──────── Study material

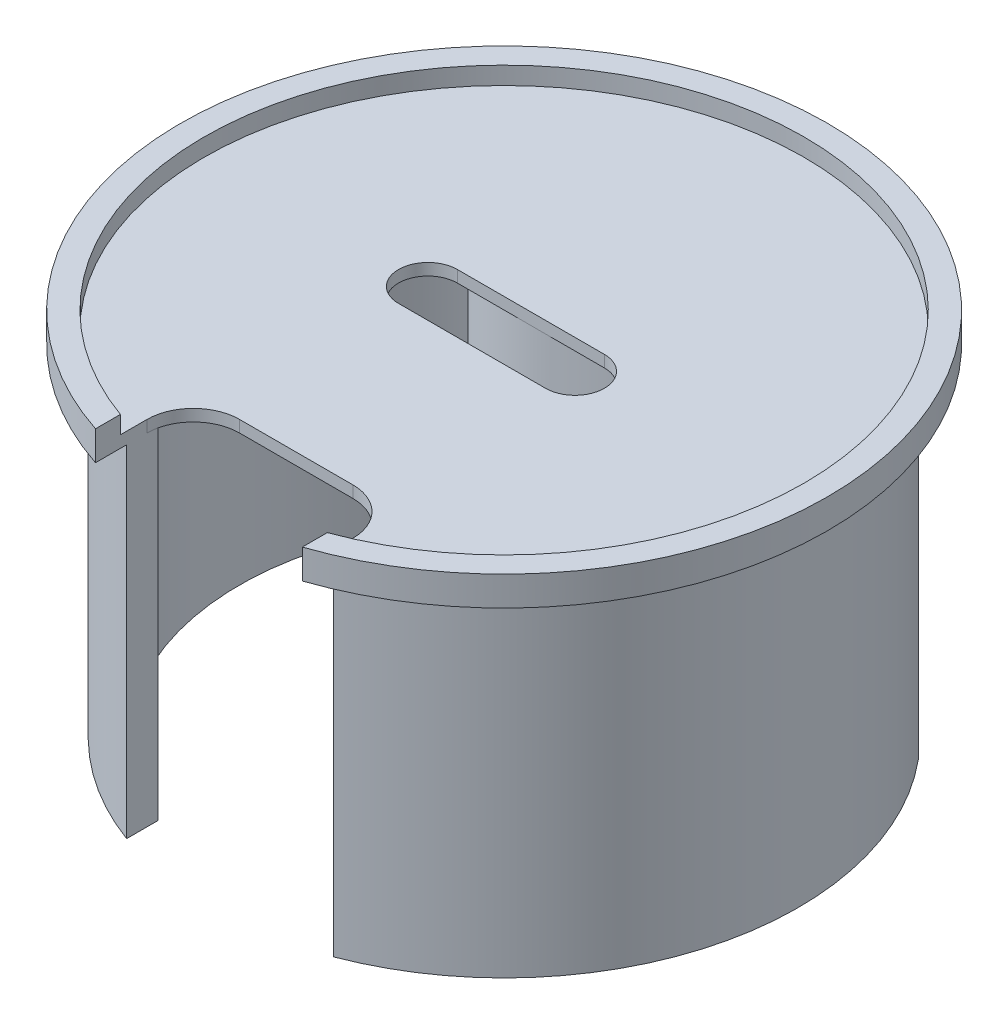
SolidWorks part; units mm, degrees
ref_plane "Front Plane" through (0, 0, 0) normal (0, 0, 1) x (1, 0, 0)
ref_plane "Top Plane" through (0, 0, 0) normal (0, 1, 0) x (1, 0, 0)
ref_plane "Right Plane" through (0, 0, 0) normal (1, 0, 0) x (0, 0, -1)
sketch "Sketch3" plane through (0, 0, 0) normal (0, 1, 0) x (1, 0, 0)
  line L0 (-16.4485, 0) -> (15.3015, 0) construction
  line L1 (-16.4485, 6.35) -> (15.3015, 6.35)
  line L2 (-16.4485, -6.35) -> (15.3015, -6.35)
  circle A0 centre (0, 0) radius 69.85
  arc A2 (-16.4485, 6.35) -> (-16.4485, -6.35) centre (-16.4485, 0) ccw
  arc A3 (15.3015, -6.35) -> (15.3015, 6.35) centre (15.3015, 0) ccw
  point P5 (-0.5735, 0)
extrude "Boss-Extrude1" add sketch "Sketch3" along normal blind 6.35
sketch "Sketch4" plane through (0, 6.35, 0) normal (0, 1, 0) x (1, 0, 0)
  circle A0 centre (0, 0) radius 64.77
extrude "Cut-Extrude1" cut sketch "Sketch4" against normal blind 3.81
sketch "Sketch5" plane through (0, 6.35, 0) normal (0, 1, 0) x (1, 0, 0)
  line L1 (22.5372, -45.2053) -> (-21.9128, -45.2053)
  line L2 (22.5372, -45.2053) -> (22.5372, -70.6053)
  line L3 (22.5372, -70.6053) -> (-21.9128, -70.6053)
  line L4 (-21.9128, -45.2053) -> (-21.9128, -70.6053)
  dimension "D1" = 25.4
  dimension "D2" = 44.45
extrude "Cut-Extrude2" cut sketch "Sketch5" against normal through all
fillet "Fillet1" radius 10 2 edges at (22.5372, 1.27, 45.2053) (-21.9128, 1.27, 45.2053)
sketch "Sketch8" plane through (0, 0, 0) normal (0, -1, 0) x (1, 0, 0)
  line L0 (34.2582, -40.64) -> (30.4482, -40.64)
  line L1 (-30.4482, -40.64) -> (-34.2582, -40.64)
  arc A3 (34.2582, -40.64) -> (-34.2582, -40.64) centre (0, -40.64) ccw
  arc A4 (30.4482, -40.64) -> (-30.4482, -40.64) centre (0, -40.64) ccw
  point P0 (0, -40.64)
  dimension "D2" = 3.81
  dimension "D1" = 40.64
extrude "Boss-Extrude2" add sketch "Sketch8" along normal blind 31.75
sketch "Sketch11" plane through (0, 2.54, 0) normal (0, 1, 0) x (1, 0, 0)
  line L0 (-40.181, 40.64) -> (-48.7918, 40.64)
  line L1 (-48.7918, 40.64) -> (-40.181, 40.64)
  line L2 (40.181, 40.64) -> (48.7918, 40.64)
  line L3 (-21.9128, -59.5993) -> (-21.9128, -52.7821)
  line L4 (-21.9128, -55.2053) -> (-21.9128, -66.3238) construction
  line L5 (22.5372, -59.366) -> (22.5372, -52.5186)
  line L6 (22.5372, -66.1143) -> (22.5372, -55.2053) construction
  arc A1 (-40.181, 40.64) -> (-21.9128, -52.7821) centre (0, 0) ccw
  arc A3 (22.5372, -52.5186) -> (40.181, 40.64) centre (0, 0) ccw
  arc A4 (-48.7918, 40.64) -> (-21.5904, -59.7169) centre (0, 0) ccw
  arc A5 (22.5372, -59.366) -> (48.7918, 40.64) centre (0, 0) ccw
  line M1 (22.5372, -55.2053) -> (22.5372, -60.7226)
  line M3 (-21.9128, -60.9506) -> (-21.9128, -55.2053)
extrude "Boss-Extrude3" add sketch "Sketch11" against normal blind 76.2 contours L0 A4 L3 A1 M3 | A5 L2 A3 L5 M1

────────────────

» **Goal of the exercise**
Identify and extract each line of the listing that contains "dimension".

» **Written response**
  dimension "D1" = 25.4
  dimension "D2" = 44.45
  dimension "D2" = 3.81
  dimension "D1" = 40.64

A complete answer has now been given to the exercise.